Set your stop loss (aka a conditional order -> falling sell) at 10% less than your buy price. That will limit your loss to $500 on any one trade, which is 2% of your money. Some will fall out the bottom, but you'll only lose $500, and you can get back in on an up-trending share. Come back every month or so and raise your stop losses if the prices have gone up - maybe give 15% for a share you like, to give it room. That's how you'll sell shares - as they fall from their highs. NEVER lower a stop loss. They stay where they are or they go up. NEVER down (well ok, there's an exception for ex-div - I'll mention that at the end).

So the _system_ sells all your shares. The ones that fall will lose no more than $500 (barring disastrous gapping). The ones that go up can make a lot more than $500, and that's how you make money.

Get a broker (BellDirect is a good starter one, IMO - cheaper than most, free conditionals, good layout, etc). that will send you an email when a share sells (most do). Then you don't have to worry about it until you get an email to tell you that something sold, and then you just have to jump on, find a new share to buy (ie one that's going up) and buy it. Set your stop losses, done. Jump on every month or two to bring stop losses up if things are going up. Easy.

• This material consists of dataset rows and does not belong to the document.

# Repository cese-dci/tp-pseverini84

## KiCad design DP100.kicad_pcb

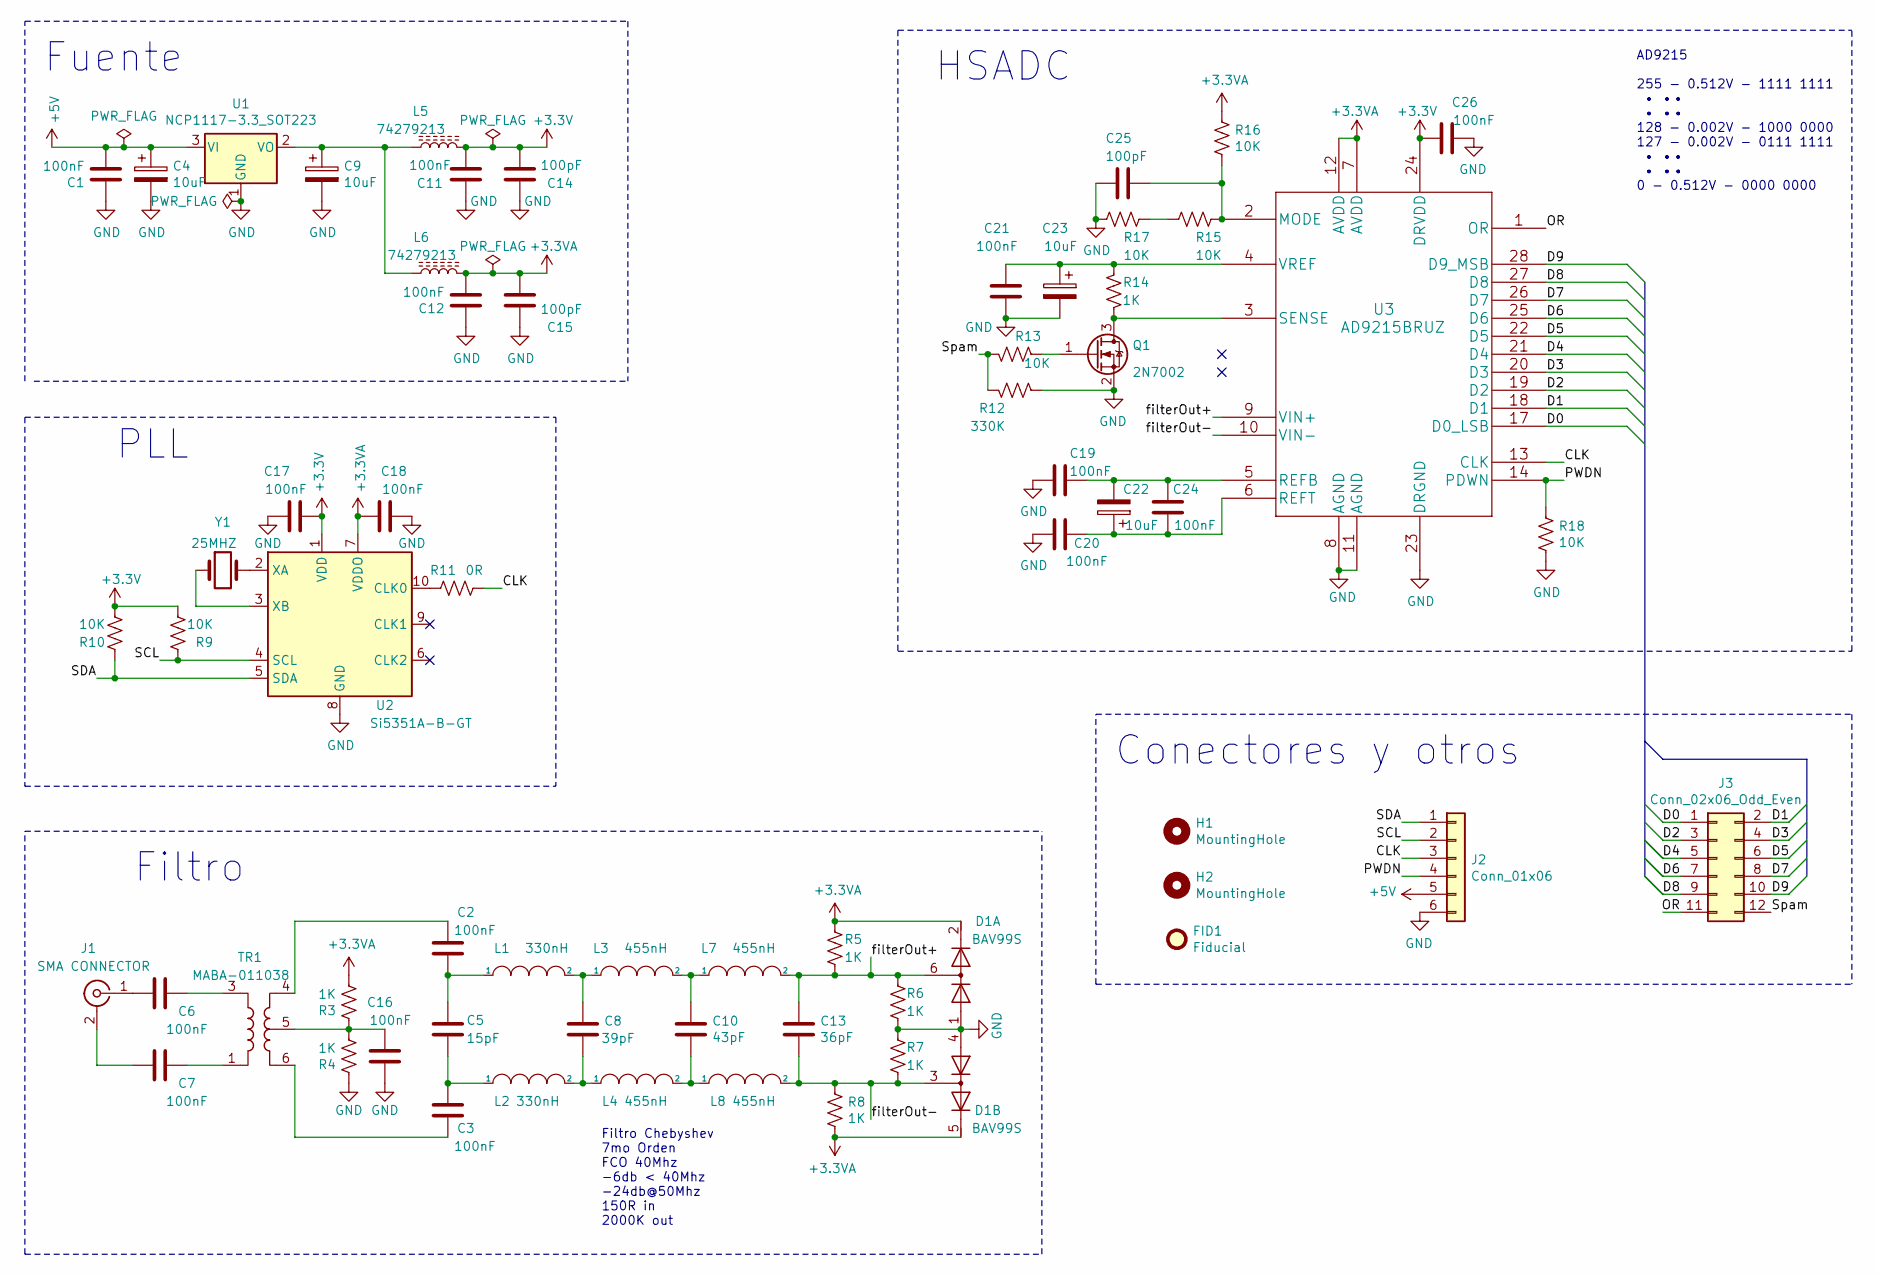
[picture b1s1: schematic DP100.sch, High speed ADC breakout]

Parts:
C1, C2, C3, C6, C7, C11, C12, C16, C17, C18, C19, C20, C21, C24, C26: 100nF; C_0603_1608Metric_Pad1.05x0.95mm_HandSolder; Mouser 80-C0603C104Z3V
C4, C9, C22, C23: 10uF; CP_EIA-2012-15_AVX-P_Pad1.30x1.05mm_HandSolder; Mouser 647-F920J106MPA
C5: 15pF; C_0603_1608Metric_Pad1.05x0.95mm_HandSolder; Mouser 710-885012006033
C8: 39pF; C_0603_1608Metric_Pad1.05x0.95mm_HandSolder; Mouser 80-C0603C390J5GAC
C10: 43pF; C_0603_1608Metric_Pad1.05x0.95mm_HandSolder; Mouser 603-CC603JRNPO9BN430
C13: 36pF; C_0603_1608Metric_Pad1.05x0.95mm_HandSolder; Mouser 603-CC603JRNPO9BN360
C14, C15, C25: 100pF; C_0603_1608Metric_Pad1.05x0.95mm_HandSolder; Mouser 80-C0603C101K1HACTU
D1: BAV99S; SOT-363_SC-70-6; Mouser 771-BAV99S-T/R
FID1: Fiducial; Fiducial_0.5mm_Mask1mm
H1, H2: MountingHole; MountingHole_3mm
J1: SMA CONNECTOR; SMA_Amphenol_901-144_Vertical; Mouser 471-SMARACONNECTOR
J2: Conn_01x06; PinHeader_1x06_P2.54mm_Vertical; Mouser 855-M20-9754046
J3: Conn_02x06_Odd_Even; PinHeader_2x06_P2.54mm_Vertical; Mouser 855-M20-9760642
L1, L2: 330nH; L_1206_3216Metric_Pad1.42x1.75mm_HandSolder; Mouser 963-LBM2016TR33JV
L3, L4, L7, L8: 455nH; L_0805_2012Metric_Pad1.15x1.40mm_HandSolder; Mouser 963-BRC1608TR45M
L5, L6: 74279213; C_1206_3216Metric_Pad1.42x1.75mm_HandSolder; Mouser 710-74279213
Q1: 2N7002; SOT-23; Mouser 512-2N7002
R3, R4, R5, R6, R7, R8, R14: 1K; R_0603_1608Metric_Pad1.05x0.95mm_HandSolder; Mouser 71-CRCW06031K00FKEAC
R9, R10, R13, R15, R16, R17, R18: 10K; R_0603_1608Metric_Pad1.05x0.95mm_HandSolder; Mouser 71-CRCW0603-10K-E3
R11: 0R; R_0603_1608Metric_Pad1.05x0.95mm_HandSolder; Mouser 603-AC0603JR-130RL
R12: 330K; R_0603_1608Metric_Pad1.05x0.95mm_HandSolder; Mouser 603-RC0603FR-07330KL
TR1: MABA-011038; Mini-Circuits_DB1627; Mouser 937-MABA-011038
U1: NCP1117-3.3_SOT223; SOT-223-3_TabPin2; Mouser 863-NCP1117ST33T3G
U2: Si5351A-B-GT; MSOP-10_3x3mm_P0.5mm; Mouser 634-SI5351A-B-GTR
U3: AD9215BRUZ; TSSOP-28_4.4x9.7mm_P0.65mm; Mouser 584-AD9215BRUZ-105
Y1: 25MHZ; Crystal_SMD_ECS_CSM3X-2Pin_7.6x4.1mm; Mouser 815-ABLS7M225MHZD2YT

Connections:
+3.3VA: C12.2, C15.2, C18.1, D1.2 (K2), D1.5 (K4), L6.2, R3.2, R5.1, R8.2, R16.1, U2.7 (VDDO), U3.7 (AVDD), U3.12 (AVDD)
+3V3: C11.1, C14.2, C17.1, C26.2, L5.1, R9.2, R10.2, U2.1 (VDD), U3.24 (DRVDD)
+5V: C1.2, C4.1, J2.5, U1.3 (VI)
/CLK: J2.3, R11.2, U3.13 (CLK)
/D0: J3.1, U3.17 (D0_LSB)
/D1: J3.2, U3.18 (D1)
/D2: J3.3, U3.19 (D2)
/D3: J3.4, U3.20 (D3)
/D4: J3.5, U3.21 (D4)
/D5: J3.6, U3.22 (D5)
/D6: J3.7, U3.25 (D6)
/D7: J3.8, U3.26 (D7)
/D8: J3.9, U3.27 (D8)
/D9: J3.10, U3.28 (D9_MSB)
/OR: J3.11, U3.1 (OR)
/PWDN: J2.4, R18.1, U3.14 (PDWN)
/SCL: J2.2, R9.1, U2.4 (SCL)
/SDA: J2.1, R10.1, U2.5 (SDA)
/Spam: J3.12, R12.1, R13.1
/filterOut+: C13.1, D1.6 (K3A4), L7.2, R5.2, R6.2, U3.9 (VIN+)
/filterOut-: C13.2, D1.3 (K1A2), L8.2, R7.1, R8.1, U3.10 (VIN-)
GND: C1.1, C4.2, C9.2, C11.2, C12.1, C14.1, C15.1, C16.1, C17.2, C18.2, C19.2, C20.2, C21.2, C23.2, C25.2, C26.1, D1.1 (A1), D1.4 (A3), J2.6, Q1.2 (S), R4.1, R6.1, R7.2, R12.2, R17.2, R18.2, U1.1 (GND), U2.8 (GND), U3.8 (AGND), U3.11 (AGND), U3.23 (DRGND)
unnamed: C2.1, C5.1, L1.1
unnamed: C2.2, TR1.4
unnamed: C3.1, C5.2, L2.1
unnamed: C3.2, TR1.6
unnamed: C6.1, TR1.3
unnamed: C6.2, J1.1 (In)
unnamed: C7.1, TR1.1
unnamed: C7.2, J1.2 (Ext)
unnamed: C8.1, L1.2, L3.1
unnamed: C8.2, L2.2, L4.1
unnamed: C9.1, L5.2, L6.1, U1.2 (VO)
unnamed: C10.1, L3.2, L7.1
unnamed: C10.2, L4.2, L8.1
unnamed: C16.2, R3.1, R4.2, TR1.5
unnamed: C19.1, C22.2, C24.1, U3.5 (REFB)
unnamed: C20.1, C22.1, C24.2, U3.6 (REFT)
unnamed: C21.1, C23.1, R14.1, U3.4 (VREF)
unnamed: C25.1, R15.1, R16.2, U3.2 (MODE)
unnamed: Q1.1 (G), R13.2
unnamed: Q1.3 (D), R14.2, U3.3 (SENSE)
unnamed: R11.1, U2.10 (CLK0)
unnamed: R15.2, R17.1
unnamed: U2.2 (XA), Y1.2
unnamed: U2.3 (XB), Y1.1

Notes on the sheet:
Fuente
Conectores y otros
AD9215 255 - 0.512V - 1111 1111 • •• • •• 128 - 0.002V - 1000 0000 127 - 0.002V - 0111 1111 • •• • •• 0 - 0.512V - 0000 0000
HSADC
Filtro
PLL
Filtro Chebyshev 7mo Orden FCO 40Mhz -6db < 40Mhz -24db@50Mhz 150R in 2000K out

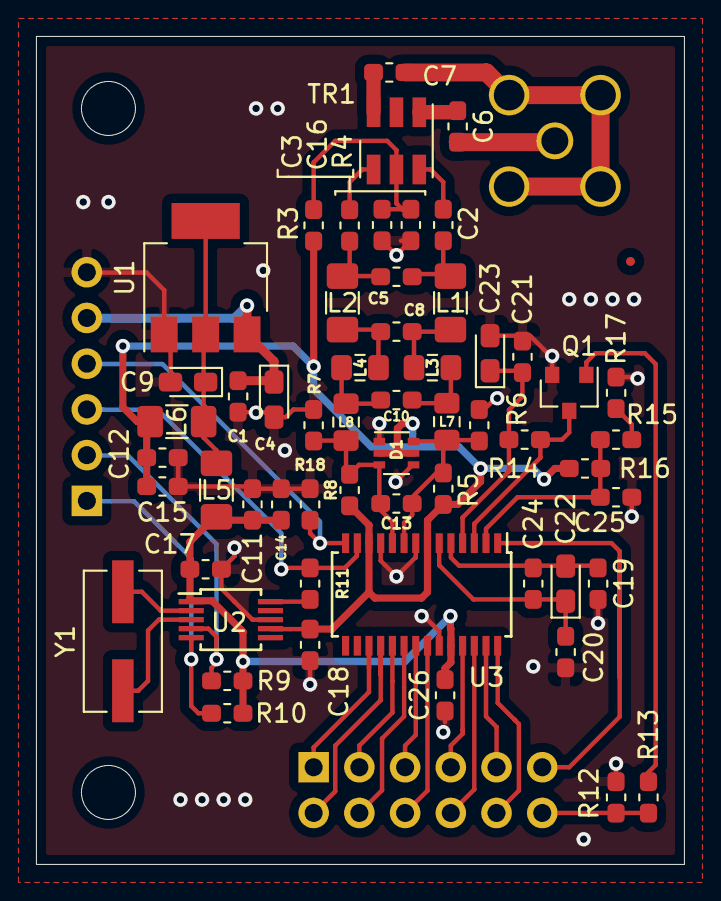
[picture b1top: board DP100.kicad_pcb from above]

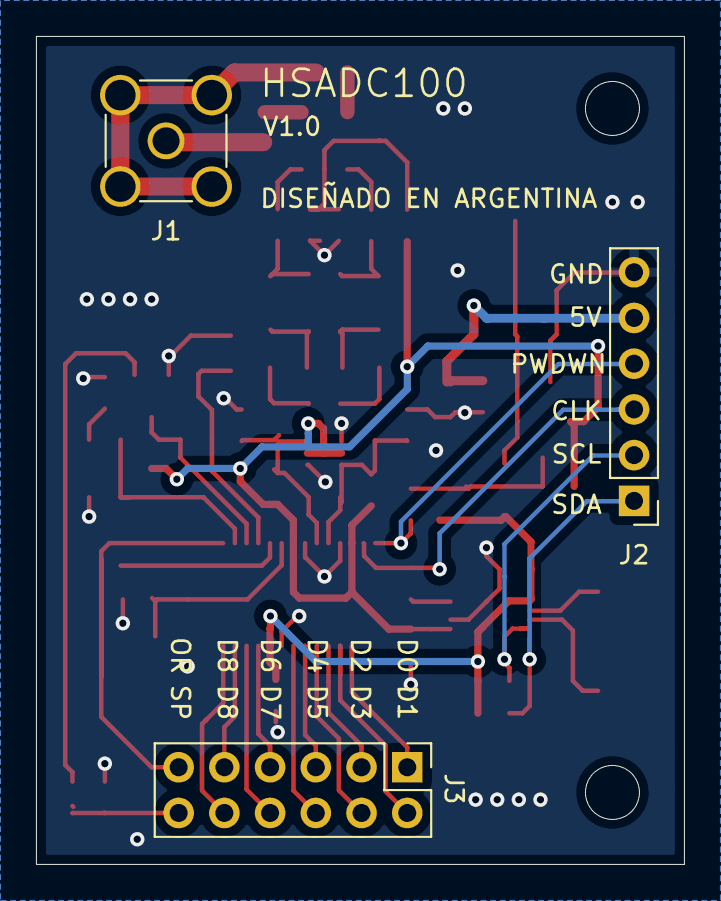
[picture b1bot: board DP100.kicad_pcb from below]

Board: 2 copper layers, 36.0 x 46.0 mm, 63 parts (3 on the bottom side), 46 nets.

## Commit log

2021-04-02 Se agrega esquematico para primera revision
2021-04-03 Correcciones realizadas sobre el esquematico a partir de la revision realizada el dia 2/4 por Francisco Timez
2021-04-03 Cambio de etiquetas globales por jerarquicas en el esquematico. Posicionamiento de componentes y ruteo de PCB
2021-04-03 Mascara de componentes posicionada correctamente Planos de tierra en ambas caras Reglas chequeadas segun fabricante Ernesto Mayer
2021-04-07 Se cambian las etiquetas jerarquicas por net labels.
2021-04-08 Se agregan cotas
2021-04-09 Se agregan modelos 3d faltantes
2021-04-10 Se agregan correcciones realizadas por Francisco Timez el dia 10-4 -Fiduciarios -Serigrafias faltantes -Otro agujero de sujecion
2021-04-12 Correcciones en base a devolucion de Diego Brengi del dia 12-4-2021 -Se expanden las zonas compactas -Se agrega directorio con informacion extra -Se agregan lineas para evitar que los labels toquen d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
2021-04-13 Se agrega rotulo en el pcb
2021-04-13 Se agregan notas en PCB
2021-04-20 Se realizan correcciones sugeridas el dia 20-4 -se agregan models 3d -se corrigen las notas -se modifican los planos de tierra segun sugerencia -se remueven serigrafias que se encontraban sobre vias 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

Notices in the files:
DP100.kicad_pcb:
Released under the Creative Commons Attribution Share-Alike 4.0 Licence
DP100.sch:
https://creativecommons.org/license/by-sa/4.0

Refinements: you might want to pick shares with decent dividends, though still trending up of course. Dividends are good for long-termers. You might want to sign up for a newsletter or something to help you sift through the dross when it comes to buying time. You might want to learn some basic technical analysis to help you better pick when to get into a stock, and how to get better at seeing when a share is falling again. You might want to get shares from unrelated sectors, so you don't get all 5 dropping at once for the same reason (eg don't buy 5 gold miners, since if gold drops then, instead of a $500 loss for one stock, you'll get all 5 drop out, making it a $2500 loss). And if you see that a share wobbles about so much that your 10% stop loss is likely to get hit the day after you buy it, perhaps look for something else.

But in general, that's all a lot more work for not necessarily much more return (unless you're willing to get serious). The "simple" advice of picking stock that's going up is something that might need a bit of research, but you can generally eye-ball it on a chart - just make sure you're looking at an up trend a good couple of months long. Weekly trends don't count.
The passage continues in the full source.